Supplied records ->
============================================================

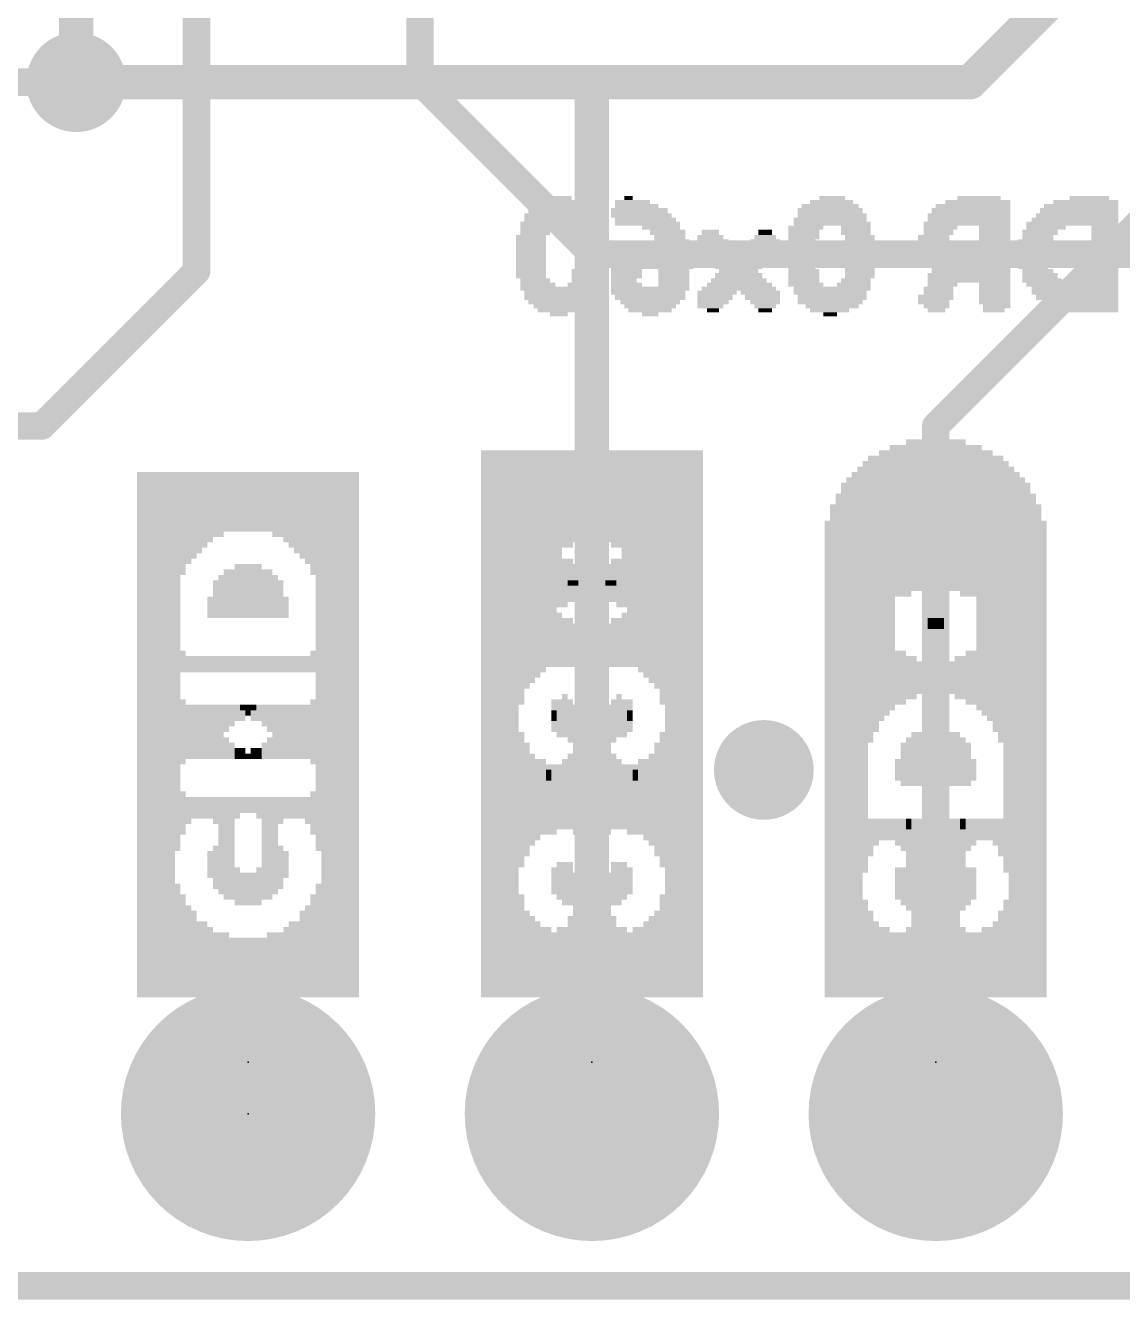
# Model space of a CAD drawing. Extents: x -41 to 66, y -21 to 32.
# Drawn here: x 5.98 to 14.08, y -0.1 to 9.31 of the extents above; entities that cross this region are included whole.
import ezdxf

# ---------------------------------------------------------------- set-up
doc = ezdxf.new("R2010")
doc.units = 0
for name, color, linetype in [('1', 12, 'CONTINUOUS'), ('16', 132, 'CONTINUOUS'), ('17', 110, 'CONTINUOUS'), ('18', 110, 'CONTINUOUS'), ('20', 53, 'CONTINUOUS'), ('21', 41, 'CONTINUOUS'), ('22', 40, 'CONTINUOUS'), ('23', 53, 'CONTINUOUS'), ('24', 53, 'CONTINUOUS'), ('51', 53, 'CONTINUOUS')]:
    doc.layers.add(name, color=color, linetype=linetype)

# ---------------------------------------------------------------- blocks, each defined once
blk = doc.blocks.new('RECT')
blk.add_solid([(-0.5, -0.5), (0.5, -0.5), (-0.5, 0.5), (0.5, 0.5)])
blk = doc.blocks.new('ROUNDP')
at = {"const_width": 0.5}
blk.add_lwpolyline([(0, -0.25, 1), (0, 0.25, 1), (0, -0.25)], format="xyb", dxfattribs=at)
blk = doc.blocks.new('ROUNDV')
at = {"const_width": 0.5}
blk.add_lwpolyline([(0, -0.25, 1), (0, 0.25, 1), (0, -0.25)], format="xyb", dxfattribs=at)

msp = doc.modelspace()

# ---------------------------------------------------------------- linework, layer by layer
at = {"layer": '1'}
for points, const_width in [([(6.35, 12.7), (6.35, 8.89)], 0.254), ([(12.954, 8.89), (13.55, 9.486)], 0.254), ([(6.35, 8.89), (10.16, 8.89)], 0.254), ([(10.16, 1.27), (10.16, 8.89)], 0.254), ([(10.16, 8.89), (12.954, 8.89)], 0.254), ([(12.7, 6.35), (15.24, 8.89)], 0.2032), ([(12.7, 1.27), (12.7, 6.35)], 0.2032), ([(25.4, 0), (0, 0)], 0.2032)]:
    msp.add_lwpolyline(points, dxfattribs=dict(at, const_width=const_width))
for points, const_width in [([(6.35, 8.9535, 1), (6.35, 8.8265)], 0.127), ([(6.2865, 8.89, 1), (6.4135, 8.89)], 0.127), ([(10.2235, 8.89, 1), (10.0965, 8.89)], 0.127), ([(10.16, 8.9535, 1), (10.16, 8.8265)], 0.127), ([(10.16, 8.8265, 1), (10.16, 8.9535)], 0.127), ([(12.9091, 8.9349, 1), (12.9989, 8.8451)], 0.127), ([(12.954, 8.8265, 1), (12.954, 8.9535)], 0.127), ([(12.7508, 6.35, 1), (12.6492, 6.35)], 0.1016), ([(12.6641, 6.3859, 1), (12.7359, 6.3141)], 0.1016), ([(10.0965, 1.27, 1), (10.2235, 1.27)], 0.127), ([(12.6492, 1.27, 1), (12.7508, 1.27)], 0.1016)]:
    msp.add_lwpolyline(points, format="xyb", dxfattribs=dict(at, const_width=const_width))
at = {"layer": '16', "const_width": 0.2032}
for points in [[(7.239, 7.493), (7.239, 12.954)], [(8.89, 8.89), (8.89, 11.43)], [(6.35, 8.89), (3.302, 8.89)], [(10.16, 7.62), (8.89, 8.89)], [(16.51, 7.62), (10.16, 7.62)], [(6.096, 6.35), (7.239, 7.493)], [(4.318, 6.35), (6.096, 6.35)], [(25.4, 0), (0, 0)]]:
    msp.add_lwpolyline(points, dxfattribs=at)
at = {"layer": '16', "const_width": 0.1016}
for points in [[(6.35, 8.8392, 1), (6.35, 8.9408)], [(8.9259, 8.9259, 1), (8.8541, 8.8541)], [(8.8392, 8.89, 1), (8.9408, 8.89)], [(10.16, 7.6708, 1), (10.16, 7.5692)], [(10.1241, 7.5841, 1), (10.1959, 7.6559)], [(7.1882, 7.493, 1), (7.2898, 7.493)], [(7.2749, 7.4571, 1), (7.2031, 7.5289)], [(6.0601, 6.3859, 1), (6.1319, 6.3141)], [(6.096, 6.2992, 1), (6.096, 6.4008)]]:
    msp.add_lwpolyline(points, format="xyb", dxfattribs=at)
at = {"layer": '20', "const_width": 0.2032}
msp.add_lwpolyline([(25.4, 0), (0, 0)], dxfattribs=at)
at = {"layer": '23'}
for p in [(7.62, 1.651), (10.16, 1.651), (12.7, 1.651), (7.62, 1.27)]:
    msp.add_point(p, dxfattribs=at)
at = {"layer": '24'}
for p in [(7.62, 1.651), (10.16, 1.651), (12.7, 1.651)]:
    msp.add_point(p, dxfattribs=at)

# ---------------------------------------------------------------- block references
at = {"layer": '17', "xscale": 1.8796, "yscale": 1.8796, "rotation": 90}
for p in [(7.62, 1.27), (7.62, 1.27), (10.16, 1.27), (10.16, 1.27), (12.7, 1.27), (12.7, 1.27)]:
    msp.add_blockref('ROUNDP', p, dxfattribs=at)
at = {"layer": '18', "xscale": 0.7366, "yscale": 0.7366}
for p in [(6.35, 8.89), (6.35, 8.89), (11.43, 3.81), (11.43, 3.81)]:
    msp.add_blockref('ROUNDV', p, dxfattribs=at)
at = {"layer": '21', "yscale": 0.04, "rotation": 90}
for p, xscale in [((12.38, 5.631), 1.16), ((12.42, 5.651), 1.12), ((12.46, 5.651), 1.12), ((12.5, 5.671), 1.16), ((12.54, 5.691), 1.12), ((12.58, 5.691), 1.12), ((12.62, 5.711), 1.08), ((12.66, 5.711), 1.08), ((12.7, 5.731), 1.04), ((12.74, 5.731), 1.04), ((12.86, 5.771), 0.96), ((12.9, 5.771), 0.96), ((12.94, 5.771), 0.88), ((12.98, 5.771), 0.88), ((13.02, 5.791), 0.84), ((9.36, 4.151), 4.04), ((9.4, 4.151), 4.04), ((9.44, 4.151), 4.04), ((9.48, 4.151), 4.04), ((9.52, 4.151), 4.04), ((9.56, 4.151), 4.04), ((9.6, 4.151), 4.04), ((9.64, 5.231), 1.88), ((9.68, 5.931), 0.48), ((9.72, 5.951), 0.44), ((9.76, 5.951), 0.44), ((9.8, 5.951), 0.44), ((9.84, 5.931), 0.48), ((9.88, 5.931), 0.48), ((9.92, 5.911), 0.52), ((9.96, 5.911), 0.52), ((10, 5.891), 0.56), ((10.04, 5.891), 0.56), ((10.08, 5.871), 0.6), ((10.12, 5.871), 0.6), ((10.16, 5.851), 0.64), ((10.2, 5.851), 0.64), ((10.24, 5.831), 0.68), ((10.28, 5.831), 0.68), ((10.32, 5.811), 0.72), ((10.36, 5.811), 0.72), ((10.4, 5.791), 0.76), ((10.44, 5.791), 0.76), ((10.48, 5.771), 0.8), ((10.52, 5.771), 0.8), ((10.56, 5.751), 0.84), ((10.6, 5.751), 0.84), ((10.64, 5.731), 0.88), ((10.68, 5.711), 0.92), ((10.72, 4.151), 4.04), ((10.76, 4.151), 4.04), ((10.8, 4.151), 4.04), ((10.84, 4.151), 4.04), ((10.88, 4.151), 4.04), ((10.92, 4.151), 4.04), ((10.96, 4.151), 4.04), ((12.22, 5.551), 1.16), ((12.26, 5.571), 1.12), ((12.3, 5.591), 1.16), ((12.34, 5.611), 1.12), ((13.06, 5.771), 0.8), ((13.1, 5.791), 0.76), ((13.14, 5.771), 0.72), ((13.18, 5.771), 0.72), ((12.14, 4.091), 3.92), ((12.18, 4.571), 3.04), ((13.22, 5.711), 0.76), ((13.26, 4.091), 3.92), ((6.82, 4.071), 3.88), ((6.86, 4.071), 3.88), ((6.9, 4.071), 3.88), ((6.94, 4.071), 3.88), ((6.98, 4.071), 3.88), ((7.02, 4.071), 3.88), ((7.06, 4.071), 3.88), ((7.1, 4.611), 2.8), ((7.14, 5.631), 0.76), ((7.18, 5.671), 0.68), ((7.22, 5.691), 0.64), ((7.26, 5.711), 0.6), ((7.3, 5.731), 0.56), ((7.34, 5.751), 0.52), ((7.38, 5.771), 0.48), ((7.42, 5.771), 0.48), ((7.46, 5.791), 0.44), ((7.5, 5.791), 0.44), ((7.54, 5.791), 0.44), ((7.58, 5.791), 0.44), ((7.62, 5.791), 0.44), ((7.66, 5.791), 0.44), ((7.7, 5.791), 0.44), ((7.74, 5.791), 0.44), ((7.78, 5.791), 0.44), ((7.82, 5.771), 0.48), ((7.86, 5.771), 0.48), ((7.9, 5.751), 0.52), ((7.94, 5.751), 0.52), ((7.98, 5.731), 0.56), ((8.02, 5.711), 0.6), ((8.06, 5.691), 0.64), ((8.1, 5.651), 0.72), ((8.14, 5.591), 0.84), ((8.18, 4.071), 3.88), ((8.22, 4.071), 3.88), ((8.26, 4.071), 3.88), ((8.3, 4.071), 3.88), ((8.34, 4.071), 3.88), ((8.38, 4.071), 3.88), ((8.42, 4.071), 3.88), ((12.02, 4.031), 3.8), ((12.06, 4.051), 3.84), ((12.1, 4.071), 3.88), ((13.3, 4.071), 3.88), ((13.34, 4.051), 3.84), ((13.38, 4.031), 3.8), ((11.98, 3.991), 3.72), ((13.42, 3.991), 3.72), ((11.94, 3.951), 3.64), ((13.46, 3.951), 3.64), ((11.9, 3.891), 3.52), ((13.5, 3.891), 3.52), ((9.68, 5.191), 0.6), ((9.72, 5.191), 0.6), ((9.76, 5.191), 0.52), ((9.8, 5.191), 0.52), ((9.84, 5.211), 0.48), ((9.88, 5.191), 0.44), ((9.92, 5.211), 0.4), ((9.96, 5.191), 0.36), ((10, 5.211), 0.32), ((7.5, 5.111), 0.36), ((7.54, 5.131), 0.4), ((7.58, 5.131), 0.4), ((7.62, 5.131), 0.4), ((7.66, 5.131), 0.4), ((7.7, 5.131), 0.4), ((7.74, 5.111), 0.36), ((7.78, 5.111), 0.36), ((10.04, 5.191), 0.28), ((10.08, 5.191), 0.28), ((10.12, 5.191), 0.2), ((10.16, 5.191), 0.2), ((7.42, 5.071), 0.28), ((7.46, 5.091), 0.32), ((7.82, 5.091), 0.32), ((7.86, 5.071), 0.28), ((10.2, 5.191), 0.12), ((10.24, 5.191), 0.12), ((10.28, 5.191), 0.04), ((10.32, 5.191), 0.04), ((7.38, 5.051), 0.24), ((7.9, 5.011), 0.16), ((10.64, 4.771), 0.64), ((10.68, 4.751), 0.76), ((13.02, 4.891), 0.4), ((13.06, 4.871), 0.44), ((13.1, 4.891), 0.48), ((13.14, 4.871), 0.52), ((13.18, 4.891), 0.56), ((13.22, 4.871), 0.6), ((10.48, 4.791), 0.44), ((10.52, 4.791), 0.44), ((10.56, 4.791), 0.52), ((10.6, 4.771), 0.56), ((10.32, 4.771), 0.32), ((10.36, 4.771), 0.32), ((10.4, 4.791), 0.36), ((10.44, 4.791), 0.36), ((12.66, 4.891), 0.08), ((12.7, 4.891), 0.08), ((12.74, 4.871), 0.12), ((12.78, 4.891), 0.16), ((10.08, 4.671), 0.28), ((10.12, 4.651), 0.32), ((10.16, 4.671), 0.36), ((10.2, 4.691), 0.32), ((10.24, 4.731), 0.32), ((10.28, 4.731), 0.32), ((12.22, 4.411), 0.8), ((9.92, 4.651), 0.16), ((9.96, 4.651), 0.16), ((10, 4.671), 0.2), ((10.04, 4.671), 0.2), ((12.26, 4.431), 0.68), ((12.3, 4.451), 0.56), ((12.34, 4.471), 0.52), ((7.14, 4.611), 0.16), ((7.18, 4.591), 0.12), ((7.22, 4.591), 0.12), ((7.26, 4.591), 0.12), ((7.3, 4.591), 0.12), ((7.34, 4.591), 0.12), ((7.38, 4.591), 0.12), ((7.42, 4.591), 0.12), ((7.46, 4.591), 0.12), ((7.5, 4.591), 0.12), ((7.54, 4.591), 0.12), ((7.58, 4.591), 0.12), ((7.62, 4.591), 0.12), ((7.66, 4.591), 0.12), ((7.7, 4.591), 0.12), ((7.74, 4.591), 0.12), ((7.78, 4.591), 0.12), ((7.82, 4.591), 0.12), ((7.86, 4.591), 0.12), ((7.9, 4.591), 0.12), ((7.94, 4.591), 0.12), ((7.98, 4.591), 0.12), ((8.02, 4.591), 0.12), ((8.06, 4.591), 0.12), ((8.1, 4.611), 0.16), ((8.14, 4.591), 0.2), ((9.68, 4.551), 0.28), ((9.72, 4.551), 0.2), ((9.76, 4.571), 0.16), ((9.8, 4.591), 0.12), ((9.84, 4.631), 0.12), ((9.88, 4.631), 0.12), ((12.38, 4.471), 0.44), ((12.42, 4.491), 0.4), ((12.46, 4.491), 0.4), ((12.5, 4.491), 0.32), ((12.54, 4.491), 0.32), ((12.58, 4.491), 0.24), ((12.62, 4.491), 0.24), ((12.66, 4.471), 0.2), ((12.7, 4.471), 0.2), ((12.74, 4.451), 0.16), ((12.78, 4.451), 0.16), ((12.82, 4.431), 0.12), ((12.86, 4.411), 0.16), ((12.9, 4.391), 0.12), ((12.94, 4.391), 0.12), ((7.14, 4.091), 0.48), ((8.14, 4.091), 0.48), ((9.92, 4.211), 0.24), ((9.96, 4.211), 0.24), ((10.32, 4.171), 0.32), ((10.36, 4.211), 0.32), ((10.4, 4.191), 0.28), ((10.44, 4.211), 0.24), ((12.98, 4.351), 0.12), ((13.02, 4.331), 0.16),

============================================================

Requirement ->
Take each line of the material above that holds the string "ROUNDV" and copy it.

Answer space ->
blk = doc.blocks.new('ROUNDV')
    msp.add_blockref('ROUNDV', p, dxfattribs=at)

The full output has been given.